Um antigo professor meu costumava dizer a respeito do que lhe era estranho:- como eu não entendo o que falam, para mim, eles falam chinês. Tudo o que a minha mente não reconhece, é chinês.

Viajando em conjecturas, eu concluí que relacionamentos, por serem feitos de uns que nem sempre entendem outros, e vice-versa, podem ser chinês.

Chinês é tudo o que eu não entendo.

Todo pensamento que eu não entendo, todo sentimento que eu não entendo, toda decisão, cujas razões eu não entendo, é chinês.

Se eu não entendo, mas, tenho que aceitar e, mais que isso, conviver, aí, além de ser chinês, é complicado e relacionamento complicado é indigesto e coisa indigesta pode tornar-se ácida para a alma e acidez, segundo pesquisas científicas, é prejudicial à vida. Eu fiz uma costura direta no raciocínio para chegar ao seguinte: acidez passou a ser considerada a causa primária do câncer.

Segundo o fisiologista e bioquímico alemão, Otto Heinrich Warburg, a parceria entre câncer e acidez funciona, mais ou menos, assim: a acidez expulsa o oxigênio das células e oxigênio é fundamental para o funcionamento celular normal.
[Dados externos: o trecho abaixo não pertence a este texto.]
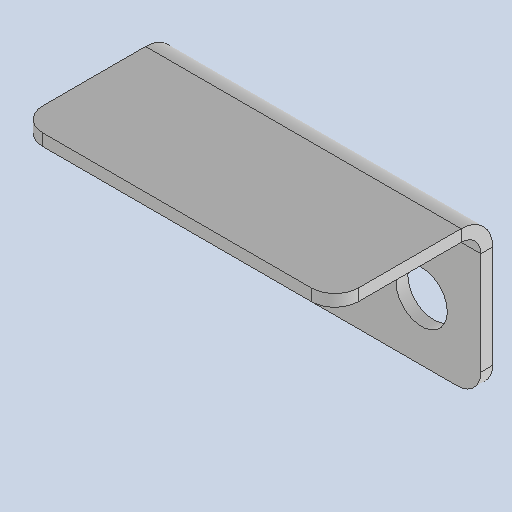
# Autodesk Inventor part: MSC 912 flange slipway
Saved by Autodesk Inventor 2025 (Build 290162010, 162A)
## iProperties
Created: 2024-07-01
Part Number: MSC 912 flange slipway
Material: Stainless Steel
Document SubType Name: Sheet Metal
Designer: admin
Stock Number: МОО 902 опора рамы
Mass: 135.371 g
Surface Area: 124.203 cm^2
Volume: 16.9213 cm^3
Density: 8 g/cm^3
Sheet Metal Rule: AISI304 3mm Die 32
Sheet Metal Width: 73,927 mm
Sheet Metal Length: 80,000 mm
Sheet Metal Area: 5914,195 mm^2
Appearance: Default
Flat Pattern Width: 7.39274 cm
Flat Pattern Length: 8 cm
Flat Pattern Area: 59.1419 cm^2
Author: pokla
Autodesk Inventor part; units mm, degrees
ref_plane "YZ Plane" through (0, 0, 0) normal (1, 0, 0) x (0, 1, 0)
ref_plane "XZ Plane" through (0, 0, 0) normal (0, 1, 0) x (-1, 0, 0)
ref_plane "XY Plane" through (0, 0, 0) normal (0, 0, 1) x (1, 0, 0)
sketch "Sketch4" plane through (0, 0, 0) normal (0, 1, 0) x (-1, 0, 0)
  line L0 (40, -40) -> (-40, -40)
  line L1 (-40, -40) -> (-40, 0)
  line L2 (-40, 0) -> (40, 0)
  line L3 (40, 0) -> (40, -40)
  point P0 (0, 0)
  point P1 (0, 0)
  dimension "d36" = 80
  dimension "d37" = 40
  measures "d36" distance of L0.start L0.end
  measures "d37" distance between parallel lines of L0 L2
extrude "Plate2" add sketch "Sketch4" along normal blind 3
sketch "Sketch5" plane through (0, 0, 0) normal (0, -1, 0) x (1, 0, 0)
  circle A0 centre (-25, -25) radius 6.5
  circle A1 centre (25, -25) radius 6.5
  line L0 (0, 0) -> (0, -40) construction
  line L1 (40, -40) -> (-40, -40) construction
  dimension "d39" = 50
  dimension "d40" = 15
  dimension "d41" = 13
  constraints: 2 centre point, 2 end point, 1 midpoint, 1 other
  measures "d39" distance of A1.centre A0.centre
  measures "d40" distance from line of L1 A1.centre
  measures "d41" diameter of A1
extrude "Cut1" cut sketch "Sketch5" against normal blind 3
sketch "Sketch6" plane through (-40, 3, -3) normal (0, 0, 1) x (1, 0, 0)
  line L0 (80, 0) -> (0, 0)
  line L1 (0, 0) -> (0, -40)
  line L2 (0, -40) -> (80, -40)
  line L3 (80, -40) -> (80, 0)
  constraints: 6 end point, 1 horizontal, 1 perpendicular, 1 vertical
edge flange "Flange1" height 40 angle 90 thickness 3 bend radius 5 thickness toward (0, 0, 1) relief round relief width 3 relief depth 1.5 edges at (0, 0, 0) wall of the first edge with corners at (40, 3, -3) (-40, 3, -3) (-40, -37, -3) (40, -37, -3)
bend "Bend1"
corner "Corner1"
fillet "Corner Round6" radius 6 4 edges at (40, -37, -1.5) (-40, 1.5, -40) (40, 1.5, -40) (-40, -37, -1.5)
equation "\"d42\" = Thickness"
equation "\"d38\" = Thickness"
equation "\"d44\" = BendReliefWidth"
equation "\"d45\" = BendReliefDepth"
equation "\"d46\" = MinimumRemnant"
equation "\"d47\" = TransitionRadius"
equation "\"d50\" = BendRadius"
equation "\"d51\" = CornerReliefSize"
equation "\"d52\" = GapSize"
equation "\"d53\" = JacobiRadiusSize"
equation "\"BendReliefWidth\" = Thickness"
equation "\"BendReliefDepth\" = 0.5 * Thickness"
equation "\"CornerReliefSize\" = 4 * Thickness"
equation "\"MinimumRemnant\" = 2 * Thickness"
equation "\"TransitionRadius\" = BendRadius"
equation "\"JacobiRadiusSize\" = BendRadius"
equation "\"GapSize\" = Thickness"
equation "\"Thickness\" = 3"
equation "\"BendRadius\" = 5"
body "Solid2"
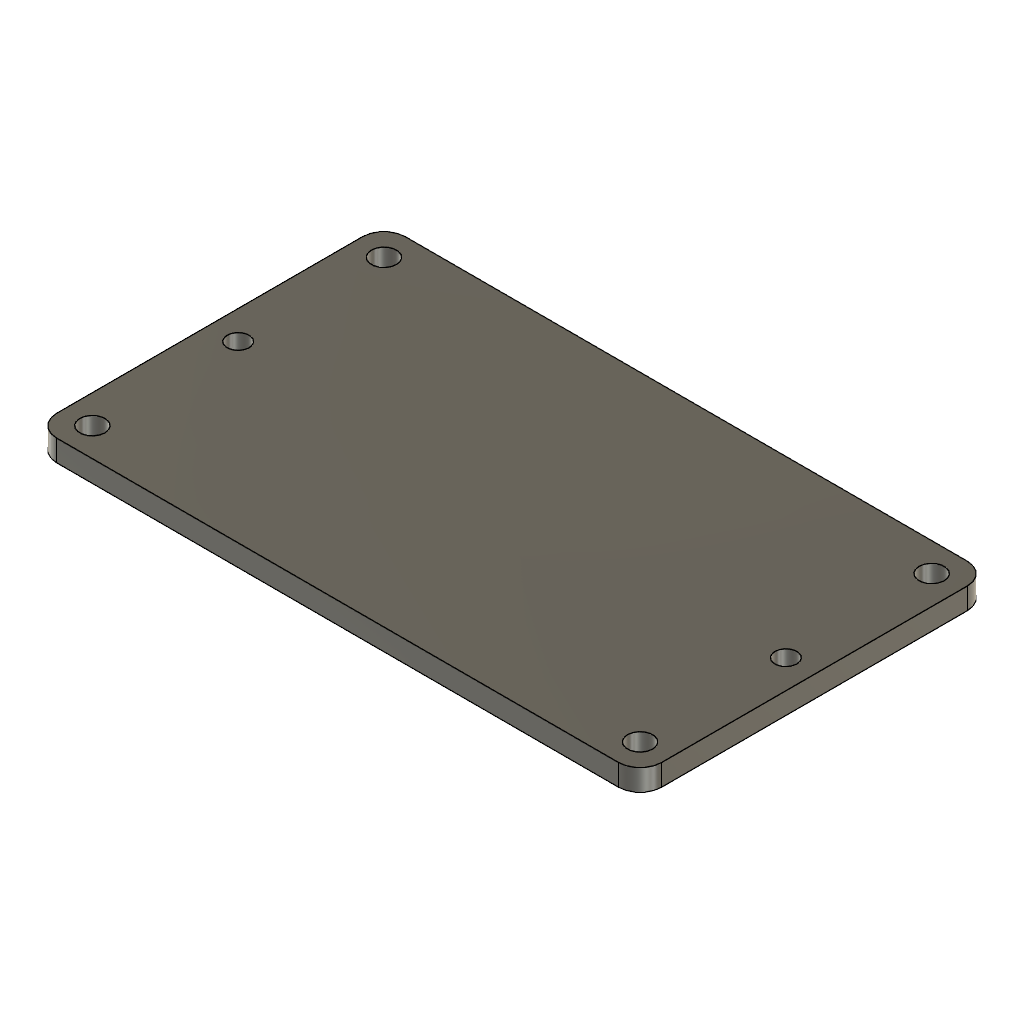
Hayai Bottom plate (Autodesk Fusion 360 design; units mm, degrees)
part number: 2026-09-20-15-42-52-633
Autodesk Fusion 360 part; units mm, degrees
sketch "Sketch1" plane through (0, 0, 0) normal (0, 0, 1) x (1, 0, 0)
  circle A0 centre (38.26, 20.3675) radius 1.75
  circle A1 centre (38.26, 0.0005) radius 1.525
  circle A2 centre (-38.26, -20.3675) radius 1.75
  circle A3 centre (-38.26, 20.3675) radius 1.75
  arc A4 (-39.26, 24.3675) -> (-42.26, 21.3675) centre (-39.26, 21.3675) ccw
  line L0 (-39.26, 24.3675) -> (39.26, 24.3675)
  line L1 (-42.26, -21.3675) -> (-42.26, 21.3675)
  circle A5 centre (-38.26, 0.0005) radius 1.525
  arc A6 (42.26, 21.3675) -> (39.26, 24.3675) centre (39.26, 21.3675) ccw
  line L2 (42.26, 21.3675) -> (42.26, -21.3675)
  arc A7 (-42.26, -21.3675) -> (-39.26, -24.3675) centre (-39.26, -21.3675) ccw
  line L3 (39.26, -24.3675) -> (-39.26, -24.3675)
  arc A8 (39.26, -24.3675) -> (42.26, -21.3675) centre (39.26, -21.3675) ccw
  circle A9 centre (38.26, -20.3675) radius 1.75
  point P0 (-42.26, -24.3675)
  dimension "d32" = 3.05
  dimension "d33" = 3.05
  dimension "d34" = 20.368
  dimension "d35" = 3
  dimension "d36" = 3
  dimension "d37" = 3
  dimension "d38" = 3
  dimension "d41" = 1.4142
  dimension "d42" = 4
  dimension "d45" = 4
  dimension "d51" = 20.368
  dimension "d52" = 48.735
  dimension "d55" = 4
  dimension "d56" = 4
  dimension "d59" = 3.5
  dimension "d62" = 84.52
  constraint horizontal L0
  constraint vertical L2
  constraint horizontal L3
  constraint vertical L1
  constraint tangent A4 L0
  constraint tangent A4 L1
  constraint tangent L0 A6
  constraint tangent A6 L2
  constraint tangent L2 A8
  constraint tangent L3 A8
  constraint tangent A7 L3
  constraint tangent L1 A7
  constraint equal A2 A3
  constraint equal A0 A9
  constraint equal A2 A9
  measures "d32" diameter of A5
  measures "d33" diameter of A1
  measures "d34" distance of A5.centre A2.centre
  measures "d35" radius of A4
  measures "d36" radius of A6
  measures "d37" radius of A8
  measures "d38" radius of A7
  measures "d41" distance of A8.centre A9.centre
  measures "d42" distance of L3 A9.centre
  measures "d45" distance of A3.centre L0
  measures "d51" distance of A1.centre A9.centre
  measures "d52" distance of L0 L3
  measures "d55" distance of A2.centre L3
  measures "d56" distance of A0.centre L0
  measures "d59" diameter of A2
  measures "d62" distance of L1 L2
extrude "Extrude8" add sketch "Sketch1" along normal blind 3
extrude "Extrude1" [suppressed]
extrude "Extrude2" [suppressed]
extrude "Extrude3" [suppressed]
extrude "Extrude4" [suppressed]
extrude "Extrude5" [suppressed]
extrude "Extrude6" [suppressed]
extrude "Extrude7" [suppressed]
equation "d41 = ( sqrt(2) ) * 1 mm"

A presença de oxigênio deixa o meio alcalino, que é o meio contrário ao ácido. A propósito, o nome alcalino vem do latim e significa o que concorda. Em meio alcalino, temos células sadias, felizes, oxigenadas. Em meio ácido, adeus harmonia e felicidade e as células ficam diante da eminência de se tornarem malignas.

Então, quando há concordância em relacionamentos, tudo rola redondo. As dificuldades surgem quando há discordância.

Bem, eu espero não estar forçando a barra, mas, penso que fazer uma analogia entre relacionamentos ácidos e doenças não é nenhum absurdo. Pensem bem; se a nossa fisiologia saudável é afetada pela acidez, a nossa natureza humana também pode ser. Quando duas, ou mais pessoas, travam intensas batalhas verbais, não sendo preciso chegar-se às vias de fato, o ambiente fica ácido. O ambiente fica pesado. O ar parece que tem chumbo e quase dá para se enxergar partículas de emoções que não foram metabolizadas depositarem-se como tristes e opacos cristais nos corações. Então, em concordância, céu de brigadeiro. Discordância, inferno na terra.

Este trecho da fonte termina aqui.